Exercise data:
• • • • • • •

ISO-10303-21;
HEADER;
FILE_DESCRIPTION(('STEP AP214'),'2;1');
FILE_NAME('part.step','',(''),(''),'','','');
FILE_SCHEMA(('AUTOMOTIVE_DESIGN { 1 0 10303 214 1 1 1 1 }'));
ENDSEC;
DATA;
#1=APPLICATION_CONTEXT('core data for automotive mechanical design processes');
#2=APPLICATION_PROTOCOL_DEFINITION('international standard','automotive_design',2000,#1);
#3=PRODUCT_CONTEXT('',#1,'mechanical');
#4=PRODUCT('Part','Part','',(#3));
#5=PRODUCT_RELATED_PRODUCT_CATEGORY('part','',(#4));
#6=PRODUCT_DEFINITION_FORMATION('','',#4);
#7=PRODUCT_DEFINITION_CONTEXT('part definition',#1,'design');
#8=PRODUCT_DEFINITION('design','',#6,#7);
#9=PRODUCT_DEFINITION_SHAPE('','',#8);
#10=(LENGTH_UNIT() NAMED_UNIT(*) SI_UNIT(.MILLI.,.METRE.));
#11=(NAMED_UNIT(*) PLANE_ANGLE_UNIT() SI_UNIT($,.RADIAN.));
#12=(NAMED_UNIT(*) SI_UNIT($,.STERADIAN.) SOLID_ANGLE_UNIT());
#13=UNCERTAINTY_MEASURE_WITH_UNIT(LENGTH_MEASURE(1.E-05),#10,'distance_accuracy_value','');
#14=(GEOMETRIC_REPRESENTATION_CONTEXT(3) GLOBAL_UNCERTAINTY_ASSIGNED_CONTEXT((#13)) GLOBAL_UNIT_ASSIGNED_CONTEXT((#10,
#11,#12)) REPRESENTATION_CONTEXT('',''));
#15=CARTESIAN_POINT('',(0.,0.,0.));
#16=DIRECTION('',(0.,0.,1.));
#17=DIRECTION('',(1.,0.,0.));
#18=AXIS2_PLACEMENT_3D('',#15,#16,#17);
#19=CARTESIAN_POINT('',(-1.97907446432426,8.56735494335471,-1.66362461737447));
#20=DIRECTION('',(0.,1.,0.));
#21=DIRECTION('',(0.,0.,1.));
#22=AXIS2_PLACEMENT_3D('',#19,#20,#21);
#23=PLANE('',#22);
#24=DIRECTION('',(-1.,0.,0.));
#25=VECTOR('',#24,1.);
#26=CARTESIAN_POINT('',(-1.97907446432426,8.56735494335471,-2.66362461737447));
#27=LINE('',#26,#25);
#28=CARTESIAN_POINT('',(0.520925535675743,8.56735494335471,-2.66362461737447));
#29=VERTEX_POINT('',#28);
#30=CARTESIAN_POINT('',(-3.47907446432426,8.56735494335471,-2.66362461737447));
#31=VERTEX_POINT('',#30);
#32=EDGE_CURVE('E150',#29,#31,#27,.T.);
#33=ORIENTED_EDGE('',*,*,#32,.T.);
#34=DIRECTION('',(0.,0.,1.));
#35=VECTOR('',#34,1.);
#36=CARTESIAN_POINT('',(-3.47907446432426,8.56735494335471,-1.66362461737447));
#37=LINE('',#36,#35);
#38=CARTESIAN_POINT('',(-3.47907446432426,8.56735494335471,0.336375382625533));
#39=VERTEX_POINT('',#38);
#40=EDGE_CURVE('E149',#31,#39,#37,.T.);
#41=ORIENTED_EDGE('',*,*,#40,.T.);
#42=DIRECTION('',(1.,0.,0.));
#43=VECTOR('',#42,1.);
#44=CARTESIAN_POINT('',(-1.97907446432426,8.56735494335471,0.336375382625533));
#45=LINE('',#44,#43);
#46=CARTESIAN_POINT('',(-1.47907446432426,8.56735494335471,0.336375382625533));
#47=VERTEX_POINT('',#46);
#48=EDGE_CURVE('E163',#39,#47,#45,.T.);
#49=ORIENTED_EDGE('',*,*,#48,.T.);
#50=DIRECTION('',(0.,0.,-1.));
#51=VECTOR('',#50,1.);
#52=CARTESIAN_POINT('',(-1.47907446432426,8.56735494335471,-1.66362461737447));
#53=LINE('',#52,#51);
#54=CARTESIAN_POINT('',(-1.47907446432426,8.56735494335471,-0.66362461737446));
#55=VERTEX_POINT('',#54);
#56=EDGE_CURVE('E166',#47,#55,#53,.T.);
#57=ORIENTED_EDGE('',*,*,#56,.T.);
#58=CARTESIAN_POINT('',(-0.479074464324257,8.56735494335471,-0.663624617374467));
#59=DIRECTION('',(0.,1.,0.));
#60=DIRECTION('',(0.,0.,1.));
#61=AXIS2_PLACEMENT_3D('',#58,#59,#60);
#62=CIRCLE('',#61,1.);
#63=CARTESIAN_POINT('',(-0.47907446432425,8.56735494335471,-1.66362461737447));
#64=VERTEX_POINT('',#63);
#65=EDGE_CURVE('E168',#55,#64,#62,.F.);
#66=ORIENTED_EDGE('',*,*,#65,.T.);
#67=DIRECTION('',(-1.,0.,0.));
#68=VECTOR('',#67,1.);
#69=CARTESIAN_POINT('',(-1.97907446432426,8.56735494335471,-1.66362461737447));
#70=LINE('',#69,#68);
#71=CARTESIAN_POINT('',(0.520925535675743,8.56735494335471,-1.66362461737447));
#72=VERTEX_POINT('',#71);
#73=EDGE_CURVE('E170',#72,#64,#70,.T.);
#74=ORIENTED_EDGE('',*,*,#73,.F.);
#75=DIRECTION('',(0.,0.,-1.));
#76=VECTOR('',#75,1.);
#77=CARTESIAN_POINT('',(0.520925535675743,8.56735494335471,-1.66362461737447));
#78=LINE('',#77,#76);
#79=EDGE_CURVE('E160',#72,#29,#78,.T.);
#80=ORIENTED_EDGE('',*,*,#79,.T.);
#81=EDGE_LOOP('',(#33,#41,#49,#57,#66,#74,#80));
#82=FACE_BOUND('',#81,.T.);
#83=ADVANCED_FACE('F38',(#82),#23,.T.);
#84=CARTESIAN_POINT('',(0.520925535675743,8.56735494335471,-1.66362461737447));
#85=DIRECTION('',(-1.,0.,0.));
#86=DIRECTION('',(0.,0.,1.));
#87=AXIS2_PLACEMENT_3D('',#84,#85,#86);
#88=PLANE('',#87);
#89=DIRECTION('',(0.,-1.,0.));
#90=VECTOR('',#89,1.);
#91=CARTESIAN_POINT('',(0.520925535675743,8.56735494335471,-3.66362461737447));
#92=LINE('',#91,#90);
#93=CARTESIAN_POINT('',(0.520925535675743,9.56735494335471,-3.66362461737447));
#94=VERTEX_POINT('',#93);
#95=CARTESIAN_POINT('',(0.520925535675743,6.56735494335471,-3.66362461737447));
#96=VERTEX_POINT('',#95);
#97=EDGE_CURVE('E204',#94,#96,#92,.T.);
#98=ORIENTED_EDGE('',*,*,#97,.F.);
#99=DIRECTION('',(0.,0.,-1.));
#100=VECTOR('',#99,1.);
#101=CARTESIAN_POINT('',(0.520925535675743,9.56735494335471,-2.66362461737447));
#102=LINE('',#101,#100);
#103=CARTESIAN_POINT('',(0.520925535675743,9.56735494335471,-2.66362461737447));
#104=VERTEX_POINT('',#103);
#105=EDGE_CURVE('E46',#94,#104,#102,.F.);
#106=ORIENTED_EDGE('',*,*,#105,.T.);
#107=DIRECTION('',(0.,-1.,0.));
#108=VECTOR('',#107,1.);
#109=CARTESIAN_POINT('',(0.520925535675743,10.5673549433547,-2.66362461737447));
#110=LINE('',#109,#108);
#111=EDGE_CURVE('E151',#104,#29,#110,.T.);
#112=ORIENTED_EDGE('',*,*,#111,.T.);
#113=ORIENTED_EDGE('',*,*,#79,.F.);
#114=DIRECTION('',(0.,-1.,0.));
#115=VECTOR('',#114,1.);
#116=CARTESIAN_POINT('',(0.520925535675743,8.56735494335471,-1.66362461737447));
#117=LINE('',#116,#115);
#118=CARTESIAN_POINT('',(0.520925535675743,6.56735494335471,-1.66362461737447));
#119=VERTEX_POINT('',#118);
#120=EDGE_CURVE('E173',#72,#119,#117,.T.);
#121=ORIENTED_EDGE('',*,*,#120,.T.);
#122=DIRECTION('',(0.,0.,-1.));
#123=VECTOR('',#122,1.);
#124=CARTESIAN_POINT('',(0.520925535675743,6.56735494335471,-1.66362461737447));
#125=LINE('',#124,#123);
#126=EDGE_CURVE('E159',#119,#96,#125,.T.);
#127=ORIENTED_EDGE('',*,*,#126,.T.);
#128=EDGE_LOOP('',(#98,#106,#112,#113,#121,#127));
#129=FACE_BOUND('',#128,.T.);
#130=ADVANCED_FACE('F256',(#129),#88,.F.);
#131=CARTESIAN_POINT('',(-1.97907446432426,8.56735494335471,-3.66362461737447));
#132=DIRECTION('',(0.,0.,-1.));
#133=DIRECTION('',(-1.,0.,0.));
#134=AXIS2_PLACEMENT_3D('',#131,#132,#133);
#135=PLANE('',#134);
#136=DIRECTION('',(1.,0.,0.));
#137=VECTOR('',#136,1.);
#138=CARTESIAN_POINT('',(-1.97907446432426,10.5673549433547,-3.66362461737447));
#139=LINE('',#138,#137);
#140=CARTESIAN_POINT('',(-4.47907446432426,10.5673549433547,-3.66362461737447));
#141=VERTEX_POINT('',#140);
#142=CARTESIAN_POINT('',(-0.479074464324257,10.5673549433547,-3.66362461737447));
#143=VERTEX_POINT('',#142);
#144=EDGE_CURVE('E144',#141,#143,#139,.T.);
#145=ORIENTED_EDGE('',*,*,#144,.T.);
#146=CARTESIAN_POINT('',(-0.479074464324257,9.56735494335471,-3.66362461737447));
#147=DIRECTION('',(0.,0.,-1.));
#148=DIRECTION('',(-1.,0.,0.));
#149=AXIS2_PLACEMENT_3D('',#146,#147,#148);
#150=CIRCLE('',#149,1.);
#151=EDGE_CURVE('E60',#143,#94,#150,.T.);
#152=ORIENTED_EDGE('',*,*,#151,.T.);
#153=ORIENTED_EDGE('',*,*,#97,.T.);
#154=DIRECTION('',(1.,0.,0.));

• • • • • • •

Work item: For this task, write out exactly the lines of the entries above, starting at the line with "#94=VERTEX_POINT('',#93);" and ending at the line with "#117=LINE('',#116,#115);", both included, and no others.

Result below:
#94=VERTEX_POINT('',#93);
#95=CARTESIAN_POINT('',(0.520925535675743,6.56735494335471,-3.66362461737447));
#96=VERTEX_POINT('',#95);
#97=EDGE_CURVE('E204',#94,#96,#92,.T.);
#98=ORIENTED_EDGE('',*,*,#97,.F.);
#99=DIRECTION('',(0.,0.,-1.));
#100=VECTOR('',#99,1.);
#101=CARTESIAN_POINT('',(0.520925535675743,9.56735494335471,-2.66362461737447));
#102=LINE('',#101,#100);
#103=CARTESIAN_POINT('',(0.520925535675743,9.56735494335471,-2.66362461737447));
#104=VERTEX_POINT('',#103);
#105=EDGE_CURVE('E46',#94,#104,#102,.F.);
#106=ORIENTED_EDGE('',*,*,#105,.T.);
#107=DIRECTION('',(0.,-1.,0.));
#108=VECTOR('',#107,1.);
#109=CARTESIAN_POINT('',(0.520925535675743,10.5673549433547,-2.66362461737447));
#110=LINE('',#109,#108);
#111=EDGE_CURVE('E151',#104,#29,#110,.T.);
#112=ORIENTED_EDGE('',*,*,#111,.T.);
#113=ORIENTED_EDGE('',*,*,#79,.F.);
#114=DIRECTION('',(0.,-1.,0.));
#115=VECTOR('',#114,1.);
#116=CARTESIAN_POINT('',(0.520925535675743,8.56735494335471,-1.66362461737447));
#117=LINE('',#116,#115);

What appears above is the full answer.